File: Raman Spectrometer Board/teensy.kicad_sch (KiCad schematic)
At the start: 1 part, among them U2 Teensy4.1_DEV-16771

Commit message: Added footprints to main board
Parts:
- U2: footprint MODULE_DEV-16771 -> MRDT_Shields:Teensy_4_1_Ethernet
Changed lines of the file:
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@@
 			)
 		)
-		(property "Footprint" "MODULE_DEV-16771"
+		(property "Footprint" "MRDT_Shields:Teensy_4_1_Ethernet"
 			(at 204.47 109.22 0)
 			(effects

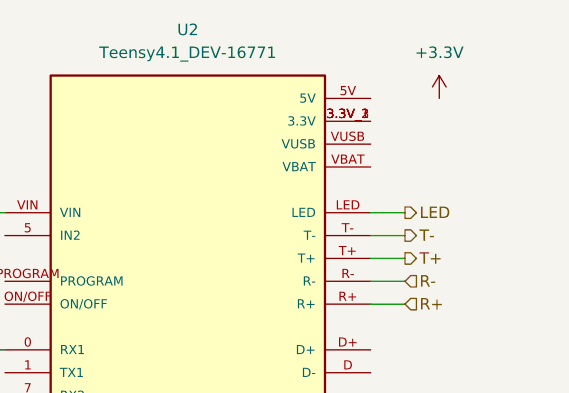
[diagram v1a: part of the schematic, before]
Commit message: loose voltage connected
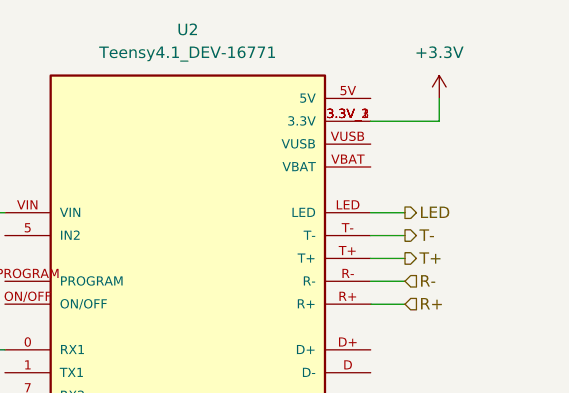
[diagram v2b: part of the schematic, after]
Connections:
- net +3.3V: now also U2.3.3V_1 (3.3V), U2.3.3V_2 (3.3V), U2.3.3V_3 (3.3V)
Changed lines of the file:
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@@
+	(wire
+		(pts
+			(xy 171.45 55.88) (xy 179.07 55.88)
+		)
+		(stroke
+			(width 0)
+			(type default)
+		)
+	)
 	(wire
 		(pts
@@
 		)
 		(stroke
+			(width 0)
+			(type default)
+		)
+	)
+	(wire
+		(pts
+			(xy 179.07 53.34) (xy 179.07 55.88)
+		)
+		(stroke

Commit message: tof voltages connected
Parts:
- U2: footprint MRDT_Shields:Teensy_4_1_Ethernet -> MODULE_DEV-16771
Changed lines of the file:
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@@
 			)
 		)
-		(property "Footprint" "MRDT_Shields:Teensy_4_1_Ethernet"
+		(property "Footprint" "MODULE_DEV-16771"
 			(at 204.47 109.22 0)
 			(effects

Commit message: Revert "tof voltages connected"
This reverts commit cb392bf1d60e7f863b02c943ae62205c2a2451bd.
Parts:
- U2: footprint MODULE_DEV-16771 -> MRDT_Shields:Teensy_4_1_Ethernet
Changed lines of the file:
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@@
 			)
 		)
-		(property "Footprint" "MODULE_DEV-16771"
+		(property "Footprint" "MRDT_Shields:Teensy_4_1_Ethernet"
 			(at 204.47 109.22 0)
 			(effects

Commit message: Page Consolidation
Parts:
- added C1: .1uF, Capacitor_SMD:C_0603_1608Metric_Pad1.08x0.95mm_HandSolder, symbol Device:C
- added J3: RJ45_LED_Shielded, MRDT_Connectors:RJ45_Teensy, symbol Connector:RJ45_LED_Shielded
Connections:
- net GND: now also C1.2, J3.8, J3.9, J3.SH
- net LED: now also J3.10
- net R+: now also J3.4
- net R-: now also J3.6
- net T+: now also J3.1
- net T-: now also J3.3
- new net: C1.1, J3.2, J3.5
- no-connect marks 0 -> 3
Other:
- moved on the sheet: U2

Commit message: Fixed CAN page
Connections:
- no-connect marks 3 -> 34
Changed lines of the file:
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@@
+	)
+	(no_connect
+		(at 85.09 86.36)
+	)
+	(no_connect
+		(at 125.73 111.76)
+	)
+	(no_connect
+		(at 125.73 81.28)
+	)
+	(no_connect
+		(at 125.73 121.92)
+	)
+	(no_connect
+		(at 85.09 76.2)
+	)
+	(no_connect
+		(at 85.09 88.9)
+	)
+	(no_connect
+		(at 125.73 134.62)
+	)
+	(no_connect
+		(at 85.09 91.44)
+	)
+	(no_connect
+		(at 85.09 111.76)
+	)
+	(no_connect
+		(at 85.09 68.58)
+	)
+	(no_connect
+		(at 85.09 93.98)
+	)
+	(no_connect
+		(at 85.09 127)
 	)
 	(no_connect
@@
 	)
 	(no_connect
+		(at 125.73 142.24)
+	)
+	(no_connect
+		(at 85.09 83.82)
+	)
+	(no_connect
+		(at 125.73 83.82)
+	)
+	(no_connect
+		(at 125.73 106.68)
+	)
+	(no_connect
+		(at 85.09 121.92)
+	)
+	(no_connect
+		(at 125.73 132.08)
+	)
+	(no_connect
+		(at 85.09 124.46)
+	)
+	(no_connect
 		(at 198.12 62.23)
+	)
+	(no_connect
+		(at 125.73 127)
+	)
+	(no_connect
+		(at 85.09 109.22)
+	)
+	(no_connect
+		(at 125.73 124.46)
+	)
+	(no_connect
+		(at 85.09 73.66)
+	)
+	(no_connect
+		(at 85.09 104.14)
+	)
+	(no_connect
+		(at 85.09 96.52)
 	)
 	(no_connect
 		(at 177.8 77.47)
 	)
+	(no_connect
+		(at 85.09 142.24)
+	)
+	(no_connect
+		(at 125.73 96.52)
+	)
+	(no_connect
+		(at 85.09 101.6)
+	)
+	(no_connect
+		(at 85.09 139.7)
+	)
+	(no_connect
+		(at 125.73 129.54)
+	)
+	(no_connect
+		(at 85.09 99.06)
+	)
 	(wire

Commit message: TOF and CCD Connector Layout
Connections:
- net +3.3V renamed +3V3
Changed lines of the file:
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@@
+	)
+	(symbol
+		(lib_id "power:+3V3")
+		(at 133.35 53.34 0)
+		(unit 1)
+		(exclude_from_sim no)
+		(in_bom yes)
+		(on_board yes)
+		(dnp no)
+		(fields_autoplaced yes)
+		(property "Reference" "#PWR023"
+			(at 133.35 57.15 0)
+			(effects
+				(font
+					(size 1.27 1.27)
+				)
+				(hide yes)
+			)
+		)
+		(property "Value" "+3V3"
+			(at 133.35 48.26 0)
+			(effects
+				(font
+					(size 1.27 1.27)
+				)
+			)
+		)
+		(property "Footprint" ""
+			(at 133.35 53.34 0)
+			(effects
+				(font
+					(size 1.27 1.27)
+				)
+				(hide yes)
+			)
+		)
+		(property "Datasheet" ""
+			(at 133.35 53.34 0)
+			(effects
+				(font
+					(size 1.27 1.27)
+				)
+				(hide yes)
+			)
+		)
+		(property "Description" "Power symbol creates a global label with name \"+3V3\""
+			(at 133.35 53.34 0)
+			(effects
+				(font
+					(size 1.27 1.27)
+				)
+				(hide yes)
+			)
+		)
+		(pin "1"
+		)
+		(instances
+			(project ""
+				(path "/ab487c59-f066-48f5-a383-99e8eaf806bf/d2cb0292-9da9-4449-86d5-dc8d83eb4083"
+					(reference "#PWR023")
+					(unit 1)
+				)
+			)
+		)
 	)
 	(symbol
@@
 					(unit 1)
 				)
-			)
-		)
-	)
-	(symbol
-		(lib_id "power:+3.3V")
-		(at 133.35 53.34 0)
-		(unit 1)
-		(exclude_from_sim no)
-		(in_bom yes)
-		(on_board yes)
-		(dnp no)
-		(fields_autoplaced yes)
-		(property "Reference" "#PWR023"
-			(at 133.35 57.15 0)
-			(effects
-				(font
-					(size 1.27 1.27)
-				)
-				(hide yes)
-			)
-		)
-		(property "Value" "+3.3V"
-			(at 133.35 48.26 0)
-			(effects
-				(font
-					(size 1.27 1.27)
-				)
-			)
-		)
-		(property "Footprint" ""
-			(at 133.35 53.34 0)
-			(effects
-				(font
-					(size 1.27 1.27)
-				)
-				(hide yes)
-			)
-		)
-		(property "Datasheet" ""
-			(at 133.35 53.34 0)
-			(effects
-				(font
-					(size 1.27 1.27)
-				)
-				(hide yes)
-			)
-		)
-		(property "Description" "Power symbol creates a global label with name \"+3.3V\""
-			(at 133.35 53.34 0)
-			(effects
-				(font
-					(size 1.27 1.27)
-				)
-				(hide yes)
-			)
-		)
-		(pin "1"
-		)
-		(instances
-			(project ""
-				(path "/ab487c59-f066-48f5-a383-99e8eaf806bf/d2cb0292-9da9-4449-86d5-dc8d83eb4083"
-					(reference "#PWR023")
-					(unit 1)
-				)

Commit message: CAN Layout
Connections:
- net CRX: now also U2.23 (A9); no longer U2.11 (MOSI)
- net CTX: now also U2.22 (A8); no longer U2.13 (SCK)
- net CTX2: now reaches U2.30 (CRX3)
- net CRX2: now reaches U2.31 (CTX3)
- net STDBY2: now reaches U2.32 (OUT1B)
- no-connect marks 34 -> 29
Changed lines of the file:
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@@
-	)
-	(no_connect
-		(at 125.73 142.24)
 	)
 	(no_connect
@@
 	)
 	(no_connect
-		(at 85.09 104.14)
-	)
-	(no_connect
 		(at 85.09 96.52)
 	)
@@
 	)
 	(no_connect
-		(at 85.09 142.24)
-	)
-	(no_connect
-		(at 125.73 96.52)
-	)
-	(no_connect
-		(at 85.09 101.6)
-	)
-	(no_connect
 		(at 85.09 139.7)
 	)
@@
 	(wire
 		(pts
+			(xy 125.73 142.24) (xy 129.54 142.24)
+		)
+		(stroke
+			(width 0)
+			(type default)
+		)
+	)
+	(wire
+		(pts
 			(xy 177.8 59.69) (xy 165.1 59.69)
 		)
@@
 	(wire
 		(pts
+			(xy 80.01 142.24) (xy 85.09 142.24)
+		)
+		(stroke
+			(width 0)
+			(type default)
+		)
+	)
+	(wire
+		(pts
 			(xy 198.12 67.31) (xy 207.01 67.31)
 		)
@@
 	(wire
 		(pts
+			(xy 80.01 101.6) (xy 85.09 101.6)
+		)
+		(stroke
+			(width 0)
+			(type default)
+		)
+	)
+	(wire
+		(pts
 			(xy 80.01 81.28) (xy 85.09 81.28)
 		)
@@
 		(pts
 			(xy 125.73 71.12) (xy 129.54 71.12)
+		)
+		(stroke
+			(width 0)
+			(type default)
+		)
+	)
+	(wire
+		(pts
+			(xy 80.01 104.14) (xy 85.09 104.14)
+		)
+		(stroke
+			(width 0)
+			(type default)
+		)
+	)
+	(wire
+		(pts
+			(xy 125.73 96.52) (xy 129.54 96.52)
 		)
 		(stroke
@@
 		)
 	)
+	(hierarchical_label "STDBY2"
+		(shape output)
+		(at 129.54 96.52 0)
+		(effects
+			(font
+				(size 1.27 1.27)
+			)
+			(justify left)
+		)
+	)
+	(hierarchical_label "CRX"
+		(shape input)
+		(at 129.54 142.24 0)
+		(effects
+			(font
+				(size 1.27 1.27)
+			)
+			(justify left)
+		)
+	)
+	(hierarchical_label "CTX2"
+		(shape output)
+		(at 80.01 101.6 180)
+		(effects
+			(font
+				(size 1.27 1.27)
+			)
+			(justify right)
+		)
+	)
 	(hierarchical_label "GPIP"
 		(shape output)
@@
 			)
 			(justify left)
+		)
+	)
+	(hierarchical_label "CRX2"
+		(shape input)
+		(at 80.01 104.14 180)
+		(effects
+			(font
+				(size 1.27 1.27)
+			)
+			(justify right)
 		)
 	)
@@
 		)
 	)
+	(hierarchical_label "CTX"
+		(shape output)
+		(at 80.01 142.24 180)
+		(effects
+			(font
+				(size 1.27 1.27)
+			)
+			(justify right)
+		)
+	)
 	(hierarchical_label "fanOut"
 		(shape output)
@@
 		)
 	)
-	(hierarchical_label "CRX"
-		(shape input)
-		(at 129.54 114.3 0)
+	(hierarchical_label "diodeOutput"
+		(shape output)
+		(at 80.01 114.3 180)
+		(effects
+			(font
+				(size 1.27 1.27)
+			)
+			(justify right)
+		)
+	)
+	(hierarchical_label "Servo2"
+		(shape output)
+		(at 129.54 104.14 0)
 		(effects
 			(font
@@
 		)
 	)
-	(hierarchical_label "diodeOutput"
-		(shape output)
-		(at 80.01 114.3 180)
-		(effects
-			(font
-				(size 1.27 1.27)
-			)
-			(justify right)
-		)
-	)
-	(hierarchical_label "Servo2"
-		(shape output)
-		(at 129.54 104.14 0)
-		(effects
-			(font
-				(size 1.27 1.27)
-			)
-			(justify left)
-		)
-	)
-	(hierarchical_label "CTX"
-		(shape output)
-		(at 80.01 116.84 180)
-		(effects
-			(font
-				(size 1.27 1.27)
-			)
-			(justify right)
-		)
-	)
◆ ◆ ◆ ◆ ◆
- Description of the task -
Given the records above, return exactly the lines starting at the line containing "Commit message: Revert" and ending at the line containing "- moved on the sheet: U2", including both.

- Exercise output -
Commit message: Revert "tof voltages connected"
This reverts commit cb392bf1d60e7f863b02c943ae62205c2a2451bd.
Parts:
- U2: footprint MODULE_DEV-16771 -> MRDT_Shields:Teensy_4_1_Ethernet
Changed lines of the file:
@@
 			)
 		)
-		(property "Footprint" "MODULE_DEV-16771"
+		(property "Footprint" "MRDT_Shields:Teensy_4_1_Ethernet"
 			(at 204.47 109.22 0)
 			(effects

Commit message: Page Consolidation
Parts:
- added C1: .1uF, Capacitor_SMD:C_0603_1608Metric_Pad1.08x0.95mm_HandSolder, symbol Device:C
- added J3: RJ45_LED_Shielded, MRDT_Connectors:RJ45_Teensy, symbol Connector:RJ45_LED_Shielded
Connections:
- net GND: now also C1.2, J3.8, J3.9, J3.SH
- net LED: now also J3.10
- net R+: now also J3.4
- net R-: now also J3.6
- net T+: now also J3.1
- net T-: now also J3.3
- new net: C1.1, J3.2, J3.5
- no-connect marks 0 -> 3
Other:
- moved on the sheet: U2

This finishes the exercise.